ASSIGNMENT -> Return the full listing unchanged, apart from leaving out its images.

=== ENTRIES SHOWN ===

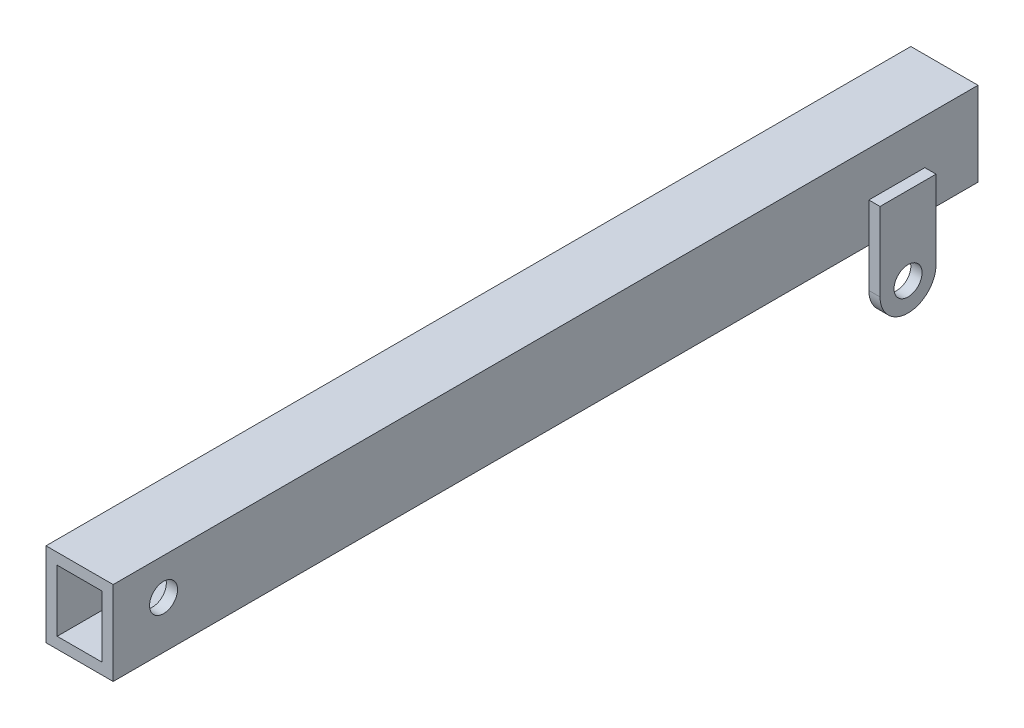
from build123d import *

# Parameters (mm, degrees)
CROQUIS1_W                = 12
CROQUIS1_H                = 15
CROQUIS1_W_2              = 8
CROQUIS1_H_2              = 11
SALIENTE_EXTRUIR1_DEPTH   = 159.5
CROQUIS2_R                = 2.5
SALIENTE_EXTRUIR2_DEPTH   = 2
SIMETR_A2_COPY_1_SKETCH_R = 2.5
SIMETR_A2_COPY_1_DEPTH    = 2
SKETCH1_W                 = 159.5
SKETCH1_H                 = 34.305734292
CUT_EXTRUDE1_DEPTH        = 3
CUT_EXTRUDE1_DEPTH_BACK   = 15
SKETCH5_R                 = 2.5
CUT_EXTRUDE2_DEPTH        = 15
SKETCH6_W                 = 5
SKETCH6_H                 = 15
CUT_EXTRUDE3_DEPTH        = 3
CUT_EXTRUDE3_DEPTH_BACK   = 15


with BuildPart() as part:
    # Croquis1 → Saliente-Extruir1 (new body, symmetric)
    with BuildSketch(Plane.XY):
        Rectangle(CROQUIS1_W, CROQUIS1_H)
        Rectangle(CROQUIS1_W_2, CROQUIS1_H_2, mode=Mode.SUBTRACT)
    extrude(amount=SALIENTE_EXTRUIR1_DEPTH, both=True)

    # Croquis2 → Saliente-Extruir2 (add)
    with BuildSketch(Plane(origin=(6, 0, 0), x_dir=(0, 0, -1), z_dir=(1, 0, 0))):
        with BuildLine():
            Line((-145, -14.5), (-145, -0.5))
            Line((-145, -0.5), (-135, -0.5))
            Line((-135, -0.5), (-135, -14.5))
            ThreePointArc((-135, -14.5), (-140, -19.5), (-145, -14.5))
        make_face()
        with Locations((-140, -14.5)):
            Circle(CROQUIS2_R, mode=Mode.SUBTRACT)
    saliente_extruir2 = extrude(amount=SALIENTE_EXTRUIR2_DEPTH)

    # Simetría1: Saliente-Extruir2 across plane
    add(saliente_extruir2.mirror(Plane(origin=(0, 0, 0), x_dir=(0, 0, 1), z_dir=(1, 0, 0))))

    # Simetría2: Saliente-Extruir2 across plane
    add(saliente_extruir2.mirror(Plane.XY))

    # Simetría2 copy 1 sketch → Simetría2 copy 1 (add)
    with BuildSketch(Plane.ZY.offset(6)):
        with BuildLine():
            Line((-145, -14.5), (-145, -0.5))
            Line((-145, -0.5), (-135, -0.5))
            Line((-135, -0.5), (-135, -14.5))
            ThreePointArc((-135, -14.5), (-140, -19.5), (-145, -14.5))
        make_face()
        with Locations((-140, -14.5)):
            Circle(SIMETR_A2_COPY_1_SKETCH_R, mode=Mode.SUBTRACT)
    extrude(amount=SIMETR_A2_COPY_1_DEPTH)

    # Sketch1 → Cut-Extrude1 (cut, two sides)
    with BuildSketch(Plane(origin=(6, 0, 0), x_dir=(0, 0, -1), z_dir=(1, 0, 0))) as cut_extrude1_sk:
        with Locations((-79.75, -9.652867146)):
            Rectangle(SKETCH1_W, SKETCH1_H)
    extrude(amount=CUT_EXTRUDE1_DEPTH, mode=Mode.SUBTRACT)
    extrude(cut_extrude1_sk.sketch, amount=-CUT_EXTRUDE1_DEPTH_BACK, mode=Mode.SUBTRACT)

    # Sketch5 → Cut-Extrude2 (cut, through all)
    with BuildSketch(Plane.ZY.offset(6)):
        with Locations((-9, 1)):
            Circle(SKETCH5_R)
    extrude(amount=-CUT_EXTRUDE2_DEPTH, mode=Mode.SUBTRACT)

    # Sketch6 → Cut-Extrude3 (cut, two sides)
    with BuildSketch(Plane.ZY.offset(6)) as cut_extrude3_sk:
        with Locations((-157, 0)):
            Rectangle(SKETCH6_W, SKETCH6_H)
    extrude(amount=CUT_EXTRUDE3_DEPTH, mode=Mode.SUBTRACT)
    extrude(cut_extrude3_sk.sketch, amount=-CUT_EXTRUDE3_DEPTH_BACK, mode=Mode.SUBTRACT)


solid = part.part

===

ANSWER TO THE EXERCISE ->
from build123d import *

# Parameters (mm, degrees)
CROQUIS1_W                = 12
CROQUIS1_H                = 15
CROQUIS1_W_2              = 8
CROQUIS1_H_2              = 11
SALIENTE_EXTRUIR1_DEPTH   = 159.5
CROQUIS2_R                = 2.5
SALIENTE_EXTRUIR2_DEPTH   = 2
SIMETR_A2_COPY_1_SKETCH_R = 2.5
SIMETR_A2_COPY_1_DEPTH    = 2
SKETCH1_W                 = 159.5
SKETCH1_H                 = 34.305734292
CUT_EXTRUDE1_DEPTH        = 3
CUT_EXTRUDE1_DEPTH_BACK   = 15
SKETCH5_R                 = 2.5
CUT_EXTRUDE2_DEPTH        = 15
SKETCH6_W                 = 5
SKETCH6_H                 = 15
CUT_EXTRUDE3_DEPTH        = 3
CUT_EXTRUDE3_DEPTH_BACK   = 15


with BuildPart() as part:
    # Croquis1 → Saliente-Extruir1 (new body, symmetric)
    with BuildSketch(Plane.XY):
        Rectangle(CROQUIS1_W, CROQUIS1_H)
        Rectangle(CROQUIS1_W_2, CROQUIS1_H_2, mode=Mode.SUBTRACT)
    extrude(amount=SALIENTE_EXTRUIR1_DEPTH, both=True)

    # Croquis2 → Saliente-Extruir2 (add)
    with BuildSketch(Plane(origin=(6, 0, 0), x_dir=(0, 0, -1), z_dir=(1, 0, 0))):
        with BuildLine():
            Line((-145, -14.5), (-145, -0.5))
            Line((-145, -0.5), (-135, -0.5))
            Line((-135, -0.5), (-135, -14.5))
            ThreePointArc((-135, -14.5), (-140, -19.5), (-145, -14.5))
        make_face()
        with Locations((-140, -14.5)):
            Circle(CROQUIS2_R, mode=Mode.SUBTRACT)
    saliente_extruir2 = extrude(amount=SALIENTE_EXTRUIR2_DEPTH)

    # Simetría1: Saliente-Extruir2 across plane
    add(saliente_extruir2.mirror(Plane(origin=(0, 0, 0), x_dir=(0, 0, 1), z_dir=(1, 0, 0))))

    # Simetría2: Saliente-Extruir2 across plane
    add(saliente_extruir2.mirror(Plane.XY))

    # Simetría2 copy 1 sketch → Simetría2 copy 1 (add)
    with BuildSketch(Plane.ZY.offset(6)):
        with BuildLine():
            Line((-145, -14.5), (-145, -0.5))
            Line((-145, -0.5), (-135, -0.5))
            Line((-135, -0.5), (-135, -14.5))
            ThreePointArc((-135, -14.5), (-140, -19.5), (-145, -14.5))
        make_face()
        with Locations((-140, -14.5)):
            Circle(SIMETR_A2_COPY_1_SKETCH_R, mode=Mode.SUBTRACT)
    extrude(amount=SIMETR_A2_COPY_1_DEPTH)

    # Sketch1 → Cut-Extrude1 (cut, two sides)
    with BuildSketch(Plane(origin=(6, 0, 0), x_dir=(0, 0, -1), z_dir=(1, 0, 0))) as cut_extrude1_sk:
        with Locations((-79.75, -9.652867146)):
            Rectangle(SKETCH1_W, SKETCH1_H)
    extrude(amount=CUT_EXTRUDE1_DEPTH, mode=Mode.SUBTRACT)
    extrude(cut_extrude1_sk.sketch, amount=-CUT_EXTRUDE1_DEPTH_BACK, mode=Mode.SUBTRACT)

    # Sketch5 → Cut-Extrude2 (cut, through all)
    with BuildSketch(Plane.ZY.offset(6)):
        with Locations((-9, 1)):
            Circle(SKETCH5_R)
    extrude(amount=-CUT_EXTRUDE2_DEPTH, mode=Mode.SUBTRACT)

    # Sketch6 → Cut-Extrude3 (cut, two sides)
    with BuildSketch(Plane.ZY.offset(6)) as cut_extrude3_sk:
        with Locations((-157, 0)):
            Rectangle(SKETCH6_W, SKETCH6_H)
    extrude(amount=CUT_EXTRUDE3_DEPTH, mode=Mode.SUBTRACT)
    extrude(cut_extrude3_sk.sketch, amount=-CUT_EXTRUDE3_DEPTH_BACK, mode=Mode.SUBTRACT)


solid = part.part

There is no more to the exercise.